* _WORK TASK_
Could you say how many lines in the records include "name"? Please give the number by itself.

[Dataset items]
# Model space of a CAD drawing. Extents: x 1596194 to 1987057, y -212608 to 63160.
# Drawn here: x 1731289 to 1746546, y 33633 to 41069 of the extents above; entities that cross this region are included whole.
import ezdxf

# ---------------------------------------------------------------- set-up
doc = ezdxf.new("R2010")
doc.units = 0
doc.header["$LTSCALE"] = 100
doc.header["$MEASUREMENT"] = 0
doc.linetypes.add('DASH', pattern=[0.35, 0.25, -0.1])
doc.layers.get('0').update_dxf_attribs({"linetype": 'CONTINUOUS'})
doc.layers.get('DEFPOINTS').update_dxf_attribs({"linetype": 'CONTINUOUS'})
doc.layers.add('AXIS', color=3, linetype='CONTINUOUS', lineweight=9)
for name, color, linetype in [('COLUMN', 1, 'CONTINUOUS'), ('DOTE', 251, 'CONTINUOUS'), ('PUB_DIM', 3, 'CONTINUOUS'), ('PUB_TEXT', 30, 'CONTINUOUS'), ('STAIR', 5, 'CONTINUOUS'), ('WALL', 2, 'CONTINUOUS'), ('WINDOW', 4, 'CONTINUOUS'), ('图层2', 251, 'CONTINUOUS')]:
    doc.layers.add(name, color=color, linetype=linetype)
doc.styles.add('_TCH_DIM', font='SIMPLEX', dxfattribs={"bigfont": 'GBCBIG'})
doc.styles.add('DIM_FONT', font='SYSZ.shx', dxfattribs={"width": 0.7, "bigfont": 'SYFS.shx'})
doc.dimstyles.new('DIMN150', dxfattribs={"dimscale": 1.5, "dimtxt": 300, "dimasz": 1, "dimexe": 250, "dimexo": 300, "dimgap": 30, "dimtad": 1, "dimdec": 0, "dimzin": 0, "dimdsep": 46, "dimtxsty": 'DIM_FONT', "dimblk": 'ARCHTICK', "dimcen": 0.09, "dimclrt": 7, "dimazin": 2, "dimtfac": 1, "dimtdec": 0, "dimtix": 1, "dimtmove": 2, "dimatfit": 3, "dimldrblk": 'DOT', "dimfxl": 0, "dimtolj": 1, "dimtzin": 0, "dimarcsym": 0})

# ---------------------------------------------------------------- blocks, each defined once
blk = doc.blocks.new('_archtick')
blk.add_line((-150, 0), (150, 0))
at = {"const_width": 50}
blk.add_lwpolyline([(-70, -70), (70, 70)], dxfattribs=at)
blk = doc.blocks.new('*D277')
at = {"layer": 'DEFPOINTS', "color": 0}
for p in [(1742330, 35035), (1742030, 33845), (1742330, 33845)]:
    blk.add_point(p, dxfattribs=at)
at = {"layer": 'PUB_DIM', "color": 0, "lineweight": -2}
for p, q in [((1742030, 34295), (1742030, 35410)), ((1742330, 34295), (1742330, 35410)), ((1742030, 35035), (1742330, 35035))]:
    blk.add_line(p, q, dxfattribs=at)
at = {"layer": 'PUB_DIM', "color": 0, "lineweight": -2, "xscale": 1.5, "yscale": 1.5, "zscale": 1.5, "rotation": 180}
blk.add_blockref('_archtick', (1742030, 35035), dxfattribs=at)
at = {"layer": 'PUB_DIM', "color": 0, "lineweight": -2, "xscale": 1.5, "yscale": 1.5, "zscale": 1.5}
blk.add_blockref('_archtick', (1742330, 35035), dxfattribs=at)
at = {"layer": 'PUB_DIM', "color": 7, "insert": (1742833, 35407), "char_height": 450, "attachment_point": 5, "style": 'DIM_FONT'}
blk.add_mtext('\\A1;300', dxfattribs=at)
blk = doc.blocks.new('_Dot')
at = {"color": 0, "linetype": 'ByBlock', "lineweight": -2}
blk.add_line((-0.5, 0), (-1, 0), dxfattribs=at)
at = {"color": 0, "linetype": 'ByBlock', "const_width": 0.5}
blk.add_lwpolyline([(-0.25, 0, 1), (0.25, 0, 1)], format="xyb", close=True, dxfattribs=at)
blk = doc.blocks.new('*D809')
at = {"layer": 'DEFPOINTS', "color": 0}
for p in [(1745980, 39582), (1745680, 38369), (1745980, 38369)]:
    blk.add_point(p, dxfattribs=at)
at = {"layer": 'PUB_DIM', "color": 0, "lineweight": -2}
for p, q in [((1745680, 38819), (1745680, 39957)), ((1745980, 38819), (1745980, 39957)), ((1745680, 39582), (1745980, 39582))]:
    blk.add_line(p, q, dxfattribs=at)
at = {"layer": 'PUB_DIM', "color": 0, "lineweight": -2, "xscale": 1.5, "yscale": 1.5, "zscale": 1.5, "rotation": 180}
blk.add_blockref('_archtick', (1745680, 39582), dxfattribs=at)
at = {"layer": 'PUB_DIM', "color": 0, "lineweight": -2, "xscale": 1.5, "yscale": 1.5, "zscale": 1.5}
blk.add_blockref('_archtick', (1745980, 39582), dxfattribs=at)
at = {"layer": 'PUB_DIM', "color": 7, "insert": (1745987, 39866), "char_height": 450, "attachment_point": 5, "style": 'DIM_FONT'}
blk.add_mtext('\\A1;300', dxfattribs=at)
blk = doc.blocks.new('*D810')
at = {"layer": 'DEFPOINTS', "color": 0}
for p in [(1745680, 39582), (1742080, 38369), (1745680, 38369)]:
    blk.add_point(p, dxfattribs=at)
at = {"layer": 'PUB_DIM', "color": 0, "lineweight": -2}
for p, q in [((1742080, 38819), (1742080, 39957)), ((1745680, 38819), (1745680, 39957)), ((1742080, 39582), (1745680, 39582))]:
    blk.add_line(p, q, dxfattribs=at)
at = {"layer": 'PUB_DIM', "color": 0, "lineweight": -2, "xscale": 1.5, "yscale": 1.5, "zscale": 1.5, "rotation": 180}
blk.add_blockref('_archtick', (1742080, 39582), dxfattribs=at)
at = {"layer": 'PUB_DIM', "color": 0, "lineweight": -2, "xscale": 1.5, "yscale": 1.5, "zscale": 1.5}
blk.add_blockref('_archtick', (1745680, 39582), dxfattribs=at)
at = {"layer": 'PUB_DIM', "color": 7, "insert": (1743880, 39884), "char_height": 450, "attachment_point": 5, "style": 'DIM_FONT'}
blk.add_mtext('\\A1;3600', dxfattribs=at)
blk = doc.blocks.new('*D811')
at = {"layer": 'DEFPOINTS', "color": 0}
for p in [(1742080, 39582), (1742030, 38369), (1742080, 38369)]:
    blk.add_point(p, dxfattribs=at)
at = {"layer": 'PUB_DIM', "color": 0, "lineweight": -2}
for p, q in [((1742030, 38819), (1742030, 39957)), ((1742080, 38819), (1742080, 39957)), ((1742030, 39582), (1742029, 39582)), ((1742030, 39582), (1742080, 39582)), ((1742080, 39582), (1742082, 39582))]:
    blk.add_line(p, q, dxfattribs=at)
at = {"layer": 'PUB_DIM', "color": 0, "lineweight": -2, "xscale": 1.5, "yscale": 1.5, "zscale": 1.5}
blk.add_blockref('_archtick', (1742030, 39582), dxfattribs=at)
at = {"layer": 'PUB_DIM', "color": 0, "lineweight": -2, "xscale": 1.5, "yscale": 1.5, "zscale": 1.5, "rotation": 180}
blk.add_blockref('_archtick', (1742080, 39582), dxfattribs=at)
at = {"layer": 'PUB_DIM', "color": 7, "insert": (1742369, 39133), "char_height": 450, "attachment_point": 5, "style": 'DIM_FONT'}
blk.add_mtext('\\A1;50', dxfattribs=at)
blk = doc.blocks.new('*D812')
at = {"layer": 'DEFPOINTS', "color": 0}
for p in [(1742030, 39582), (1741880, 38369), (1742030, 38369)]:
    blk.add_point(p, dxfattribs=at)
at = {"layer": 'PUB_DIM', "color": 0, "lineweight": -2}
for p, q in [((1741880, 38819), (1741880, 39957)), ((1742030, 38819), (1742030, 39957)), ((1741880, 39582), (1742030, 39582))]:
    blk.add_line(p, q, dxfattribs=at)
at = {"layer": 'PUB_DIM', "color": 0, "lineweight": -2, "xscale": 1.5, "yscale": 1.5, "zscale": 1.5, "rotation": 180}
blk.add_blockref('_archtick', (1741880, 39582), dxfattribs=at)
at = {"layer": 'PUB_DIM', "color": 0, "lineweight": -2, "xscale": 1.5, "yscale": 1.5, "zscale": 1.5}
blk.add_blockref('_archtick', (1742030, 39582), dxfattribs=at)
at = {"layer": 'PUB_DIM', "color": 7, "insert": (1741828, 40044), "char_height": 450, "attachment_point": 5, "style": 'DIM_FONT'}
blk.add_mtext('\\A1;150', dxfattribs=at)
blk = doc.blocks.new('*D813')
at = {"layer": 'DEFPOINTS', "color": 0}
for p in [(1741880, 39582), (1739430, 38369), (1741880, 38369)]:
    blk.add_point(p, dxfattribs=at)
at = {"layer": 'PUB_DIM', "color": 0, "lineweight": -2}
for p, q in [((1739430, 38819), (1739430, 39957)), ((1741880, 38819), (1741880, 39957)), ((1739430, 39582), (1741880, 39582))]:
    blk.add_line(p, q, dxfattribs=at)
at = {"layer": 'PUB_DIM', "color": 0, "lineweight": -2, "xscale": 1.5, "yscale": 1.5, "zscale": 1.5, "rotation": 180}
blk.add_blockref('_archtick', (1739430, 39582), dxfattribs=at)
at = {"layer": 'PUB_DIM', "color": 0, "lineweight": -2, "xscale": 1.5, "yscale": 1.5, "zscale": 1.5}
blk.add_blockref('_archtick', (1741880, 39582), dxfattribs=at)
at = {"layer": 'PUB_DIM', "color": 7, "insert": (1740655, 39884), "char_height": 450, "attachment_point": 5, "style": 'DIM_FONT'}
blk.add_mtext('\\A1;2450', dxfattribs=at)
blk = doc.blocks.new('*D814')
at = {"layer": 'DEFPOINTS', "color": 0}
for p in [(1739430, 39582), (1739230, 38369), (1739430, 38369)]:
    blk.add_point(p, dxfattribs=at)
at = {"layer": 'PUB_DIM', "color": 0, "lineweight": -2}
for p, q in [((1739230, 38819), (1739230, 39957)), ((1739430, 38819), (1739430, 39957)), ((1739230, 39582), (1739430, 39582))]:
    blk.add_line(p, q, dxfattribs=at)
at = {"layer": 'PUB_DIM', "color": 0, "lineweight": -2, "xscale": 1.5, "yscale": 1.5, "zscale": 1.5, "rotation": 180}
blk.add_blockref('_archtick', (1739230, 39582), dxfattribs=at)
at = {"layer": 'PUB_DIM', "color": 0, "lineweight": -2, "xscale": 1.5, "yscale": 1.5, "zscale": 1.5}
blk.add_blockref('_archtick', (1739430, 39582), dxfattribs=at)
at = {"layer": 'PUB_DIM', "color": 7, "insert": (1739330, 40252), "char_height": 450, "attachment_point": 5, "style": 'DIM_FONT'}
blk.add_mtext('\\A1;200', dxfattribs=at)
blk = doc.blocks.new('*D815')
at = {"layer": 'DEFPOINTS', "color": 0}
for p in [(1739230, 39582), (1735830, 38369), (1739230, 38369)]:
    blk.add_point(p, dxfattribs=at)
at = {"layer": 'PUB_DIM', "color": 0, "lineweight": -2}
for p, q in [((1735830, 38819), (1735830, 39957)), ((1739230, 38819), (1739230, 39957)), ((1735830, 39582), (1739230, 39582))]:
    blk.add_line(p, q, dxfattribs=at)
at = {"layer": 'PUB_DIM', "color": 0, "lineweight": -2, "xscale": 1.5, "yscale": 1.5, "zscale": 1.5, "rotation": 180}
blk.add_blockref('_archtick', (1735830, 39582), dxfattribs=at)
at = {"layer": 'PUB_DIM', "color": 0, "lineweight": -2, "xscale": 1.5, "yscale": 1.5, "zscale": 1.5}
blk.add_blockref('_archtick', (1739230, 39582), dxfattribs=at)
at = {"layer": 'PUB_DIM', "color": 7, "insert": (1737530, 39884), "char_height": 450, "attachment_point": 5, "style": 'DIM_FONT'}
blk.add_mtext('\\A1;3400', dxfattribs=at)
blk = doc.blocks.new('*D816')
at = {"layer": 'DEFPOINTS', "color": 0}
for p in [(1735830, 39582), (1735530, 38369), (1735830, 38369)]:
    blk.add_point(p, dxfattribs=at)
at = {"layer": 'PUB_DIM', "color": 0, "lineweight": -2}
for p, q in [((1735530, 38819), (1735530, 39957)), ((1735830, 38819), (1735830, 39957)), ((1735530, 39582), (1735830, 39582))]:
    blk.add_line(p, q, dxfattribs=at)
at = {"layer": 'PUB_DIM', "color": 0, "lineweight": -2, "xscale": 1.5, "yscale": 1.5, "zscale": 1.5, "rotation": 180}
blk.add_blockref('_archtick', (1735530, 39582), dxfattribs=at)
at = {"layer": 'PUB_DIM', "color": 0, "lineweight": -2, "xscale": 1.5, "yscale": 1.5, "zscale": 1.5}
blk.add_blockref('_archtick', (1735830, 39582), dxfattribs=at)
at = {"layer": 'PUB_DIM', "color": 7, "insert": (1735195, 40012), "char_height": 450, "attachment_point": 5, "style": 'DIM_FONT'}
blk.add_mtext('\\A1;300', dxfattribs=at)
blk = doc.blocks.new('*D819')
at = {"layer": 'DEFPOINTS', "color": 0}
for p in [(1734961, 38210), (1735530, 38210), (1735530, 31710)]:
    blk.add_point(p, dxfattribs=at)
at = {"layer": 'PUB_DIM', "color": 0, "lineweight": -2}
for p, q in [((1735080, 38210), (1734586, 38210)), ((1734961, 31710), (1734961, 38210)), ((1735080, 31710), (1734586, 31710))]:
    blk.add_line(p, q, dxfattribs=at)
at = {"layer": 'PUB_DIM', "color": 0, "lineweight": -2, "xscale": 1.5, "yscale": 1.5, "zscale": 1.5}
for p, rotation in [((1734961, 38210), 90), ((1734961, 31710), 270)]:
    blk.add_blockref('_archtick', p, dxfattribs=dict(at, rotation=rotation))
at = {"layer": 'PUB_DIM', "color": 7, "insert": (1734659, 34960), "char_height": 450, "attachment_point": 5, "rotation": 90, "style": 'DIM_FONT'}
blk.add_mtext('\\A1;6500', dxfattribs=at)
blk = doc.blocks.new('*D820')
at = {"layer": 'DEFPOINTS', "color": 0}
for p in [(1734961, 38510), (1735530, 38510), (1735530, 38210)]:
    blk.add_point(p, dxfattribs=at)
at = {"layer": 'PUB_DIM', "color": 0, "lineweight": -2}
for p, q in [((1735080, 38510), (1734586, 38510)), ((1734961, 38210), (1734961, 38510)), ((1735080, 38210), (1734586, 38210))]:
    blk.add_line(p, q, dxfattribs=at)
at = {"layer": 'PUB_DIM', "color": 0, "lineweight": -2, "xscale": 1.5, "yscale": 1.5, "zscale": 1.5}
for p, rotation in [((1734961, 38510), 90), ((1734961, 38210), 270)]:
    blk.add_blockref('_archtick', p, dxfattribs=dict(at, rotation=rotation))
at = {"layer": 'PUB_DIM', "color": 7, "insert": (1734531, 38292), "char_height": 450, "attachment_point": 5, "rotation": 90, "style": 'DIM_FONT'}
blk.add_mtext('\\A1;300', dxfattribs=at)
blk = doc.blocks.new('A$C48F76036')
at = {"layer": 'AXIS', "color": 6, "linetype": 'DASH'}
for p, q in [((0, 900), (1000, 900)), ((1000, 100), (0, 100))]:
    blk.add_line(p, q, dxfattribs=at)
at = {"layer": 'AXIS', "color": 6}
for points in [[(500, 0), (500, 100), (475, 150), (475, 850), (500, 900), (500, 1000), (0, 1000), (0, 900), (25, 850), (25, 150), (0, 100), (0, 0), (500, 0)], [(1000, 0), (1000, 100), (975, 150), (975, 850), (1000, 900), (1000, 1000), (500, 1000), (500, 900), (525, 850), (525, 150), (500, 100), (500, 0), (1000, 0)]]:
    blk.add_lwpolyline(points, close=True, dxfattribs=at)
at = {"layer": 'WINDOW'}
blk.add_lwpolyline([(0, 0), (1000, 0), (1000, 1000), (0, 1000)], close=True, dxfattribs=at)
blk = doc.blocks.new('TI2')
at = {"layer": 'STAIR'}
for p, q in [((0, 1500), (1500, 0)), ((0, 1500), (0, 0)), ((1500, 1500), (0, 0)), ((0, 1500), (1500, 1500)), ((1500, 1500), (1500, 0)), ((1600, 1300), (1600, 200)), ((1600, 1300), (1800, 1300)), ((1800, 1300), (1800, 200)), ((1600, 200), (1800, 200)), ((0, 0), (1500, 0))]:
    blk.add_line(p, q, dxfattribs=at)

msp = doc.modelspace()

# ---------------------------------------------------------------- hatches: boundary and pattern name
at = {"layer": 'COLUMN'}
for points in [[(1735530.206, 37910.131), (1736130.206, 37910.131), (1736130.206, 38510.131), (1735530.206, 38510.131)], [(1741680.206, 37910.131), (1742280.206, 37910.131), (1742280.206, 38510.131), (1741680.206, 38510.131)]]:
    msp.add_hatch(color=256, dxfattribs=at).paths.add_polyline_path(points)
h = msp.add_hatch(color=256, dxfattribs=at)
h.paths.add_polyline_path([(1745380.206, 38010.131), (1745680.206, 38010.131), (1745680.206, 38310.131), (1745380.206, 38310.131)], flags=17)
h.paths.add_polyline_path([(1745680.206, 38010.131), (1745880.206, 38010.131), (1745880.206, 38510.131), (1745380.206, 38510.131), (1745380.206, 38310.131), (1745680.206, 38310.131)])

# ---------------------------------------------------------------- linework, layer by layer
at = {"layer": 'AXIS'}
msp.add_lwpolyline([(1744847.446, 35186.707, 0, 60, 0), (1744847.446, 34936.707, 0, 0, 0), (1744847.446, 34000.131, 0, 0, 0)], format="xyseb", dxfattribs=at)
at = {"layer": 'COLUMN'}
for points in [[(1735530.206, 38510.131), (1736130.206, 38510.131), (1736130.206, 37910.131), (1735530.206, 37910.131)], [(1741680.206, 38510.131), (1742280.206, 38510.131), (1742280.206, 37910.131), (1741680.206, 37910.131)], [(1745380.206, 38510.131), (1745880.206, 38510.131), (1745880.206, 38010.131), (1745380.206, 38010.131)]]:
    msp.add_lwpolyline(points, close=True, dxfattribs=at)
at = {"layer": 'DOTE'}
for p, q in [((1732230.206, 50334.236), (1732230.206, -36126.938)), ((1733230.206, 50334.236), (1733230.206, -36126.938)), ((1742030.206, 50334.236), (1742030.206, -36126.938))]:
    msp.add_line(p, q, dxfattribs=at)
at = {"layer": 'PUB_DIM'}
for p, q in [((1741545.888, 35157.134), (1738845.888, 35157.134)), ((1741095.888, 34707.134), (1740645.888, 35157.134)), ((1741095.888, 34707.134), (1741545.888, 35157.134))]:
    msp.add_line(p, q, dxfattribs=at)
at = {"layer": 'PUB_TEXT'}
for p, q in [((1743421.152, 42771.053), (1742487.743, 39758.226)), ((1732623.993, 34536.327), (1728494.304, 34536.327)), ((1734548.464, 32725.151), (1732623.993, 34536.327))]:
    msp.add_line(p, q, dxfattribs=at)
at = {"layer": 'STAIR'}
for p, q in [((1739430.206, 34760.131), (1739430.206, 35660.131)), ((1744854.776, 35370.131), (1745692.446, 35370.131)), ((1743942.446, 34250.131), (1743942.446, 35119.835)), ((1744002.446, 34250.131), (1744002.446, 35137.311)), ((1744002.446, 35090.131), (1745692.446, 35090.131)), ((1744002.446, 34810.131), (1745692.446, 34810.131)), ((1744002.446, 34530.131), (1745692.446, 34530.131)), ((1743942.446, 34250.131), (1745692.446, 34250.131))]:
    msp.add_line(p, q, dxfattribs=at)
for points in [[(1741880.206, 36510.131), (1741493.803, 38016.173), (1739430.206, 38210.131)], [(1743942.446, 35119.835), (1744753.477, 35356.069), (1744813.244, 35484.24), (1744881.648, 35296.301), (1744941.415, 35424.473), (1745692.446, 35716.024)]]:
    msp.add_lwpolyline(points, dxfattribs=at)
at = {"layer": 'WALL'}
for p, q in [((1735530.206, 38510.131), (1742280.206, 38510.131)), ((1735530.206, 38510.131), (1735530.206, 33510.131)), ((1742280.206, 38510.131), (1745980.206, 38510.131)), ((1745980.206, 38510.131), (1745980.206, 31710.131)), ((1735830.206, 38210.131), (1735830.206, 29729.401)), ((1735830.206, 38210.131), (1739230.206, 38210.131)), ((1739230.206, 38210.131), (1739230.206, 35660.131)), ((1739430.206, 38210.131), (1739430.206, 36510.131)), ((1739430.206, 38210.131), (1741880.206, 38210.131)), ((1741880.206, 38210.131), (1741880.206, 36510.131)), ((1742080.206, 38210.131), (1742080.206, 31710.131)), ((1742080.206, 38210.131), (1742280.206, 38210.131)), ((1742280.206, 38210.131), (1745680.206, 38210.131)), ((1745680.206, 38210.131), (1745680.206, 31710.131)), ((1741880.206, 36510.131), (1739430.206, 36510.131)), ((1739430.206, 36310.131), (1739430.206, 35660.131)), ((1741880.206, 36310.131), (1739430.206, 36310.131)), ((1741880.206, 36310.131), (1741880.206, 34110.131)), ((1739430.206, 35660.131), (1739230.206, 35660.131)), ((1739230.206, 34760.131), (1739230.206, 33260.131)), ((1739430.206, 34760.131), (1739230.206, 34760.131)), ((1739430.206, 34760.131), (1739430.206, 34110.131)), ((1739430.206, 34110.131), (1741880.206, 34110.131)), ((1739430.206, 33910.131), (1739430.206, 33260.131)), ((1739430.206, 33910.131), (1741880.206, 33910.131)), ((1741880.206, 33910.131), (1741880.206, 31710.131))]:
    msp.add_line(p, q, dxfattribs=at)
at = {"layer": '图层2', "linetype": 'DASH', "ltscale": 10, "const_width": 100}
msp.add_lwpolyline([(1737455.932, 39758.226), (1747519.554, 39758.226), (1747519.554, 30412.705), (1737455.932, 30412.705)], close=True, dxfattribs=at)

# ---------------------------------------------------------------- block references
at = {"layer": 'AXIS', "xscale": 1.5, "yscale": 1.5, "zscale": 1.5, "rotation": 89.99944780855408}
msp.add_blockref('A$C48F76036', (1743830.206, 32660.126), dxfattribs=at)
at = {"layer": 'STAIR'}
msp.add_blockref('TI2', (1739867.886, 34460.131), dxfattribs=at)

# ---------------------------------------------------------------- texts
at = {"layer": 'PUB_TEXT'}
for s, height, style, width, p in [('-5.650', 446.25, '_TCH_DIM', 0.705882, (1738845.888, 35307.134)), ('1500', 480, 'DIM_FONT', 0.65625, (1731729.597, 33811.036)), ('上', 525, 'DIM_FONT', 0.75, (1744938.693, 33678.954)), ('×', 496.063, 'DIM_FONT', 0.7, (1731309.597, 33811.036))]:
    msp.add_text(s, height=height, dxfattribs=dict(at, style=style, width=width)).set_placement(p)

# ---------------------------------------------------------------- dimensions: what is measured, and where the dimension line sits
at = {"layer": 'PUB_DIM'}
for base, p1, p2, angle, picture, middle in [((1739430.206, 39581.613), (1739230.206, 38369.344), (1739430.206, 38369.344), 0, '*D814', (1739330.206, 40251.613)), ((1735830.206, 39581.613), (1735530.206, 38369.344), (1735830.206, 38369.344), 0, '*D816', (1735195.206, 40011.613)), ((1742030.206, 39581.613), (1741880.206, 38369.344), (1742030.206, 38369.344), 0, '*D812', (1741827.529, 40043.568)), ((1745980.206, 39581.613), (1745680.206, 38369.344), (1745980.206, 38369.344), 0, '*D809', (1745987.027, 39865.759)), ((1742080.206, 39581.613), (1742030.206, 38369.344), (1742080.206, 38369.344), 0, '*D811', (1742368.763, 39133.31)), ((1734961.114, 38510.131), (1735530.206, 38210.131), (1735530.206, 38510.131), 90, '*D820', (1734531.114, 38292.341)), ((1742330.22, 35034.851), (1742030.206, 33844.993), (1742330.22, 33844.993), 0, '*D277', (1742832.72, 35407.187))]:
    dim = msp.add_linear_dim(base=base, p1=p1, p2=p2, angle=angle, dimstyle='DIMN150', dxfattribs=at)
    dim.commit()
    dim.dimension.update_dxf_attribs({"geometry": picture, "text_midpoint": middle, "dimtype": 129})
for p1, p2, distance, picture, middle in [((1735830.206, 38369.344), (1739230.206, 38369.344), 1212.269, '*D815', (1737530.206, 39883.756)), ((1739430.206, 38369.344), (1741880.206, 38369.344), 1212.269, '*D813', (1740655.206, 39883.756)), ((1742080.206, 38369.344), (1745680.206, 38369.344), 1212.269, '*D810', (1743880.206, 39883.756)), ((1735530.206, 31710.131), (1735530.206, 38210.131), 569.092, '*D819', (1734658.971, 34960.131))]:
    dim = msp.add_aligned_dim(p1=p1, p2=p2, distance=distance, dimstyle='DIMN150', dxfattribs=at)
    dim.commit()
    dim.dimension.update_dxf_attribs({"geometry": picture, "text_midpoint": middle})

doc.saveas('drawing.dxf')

* _OUTPUT OF THE TASK_
3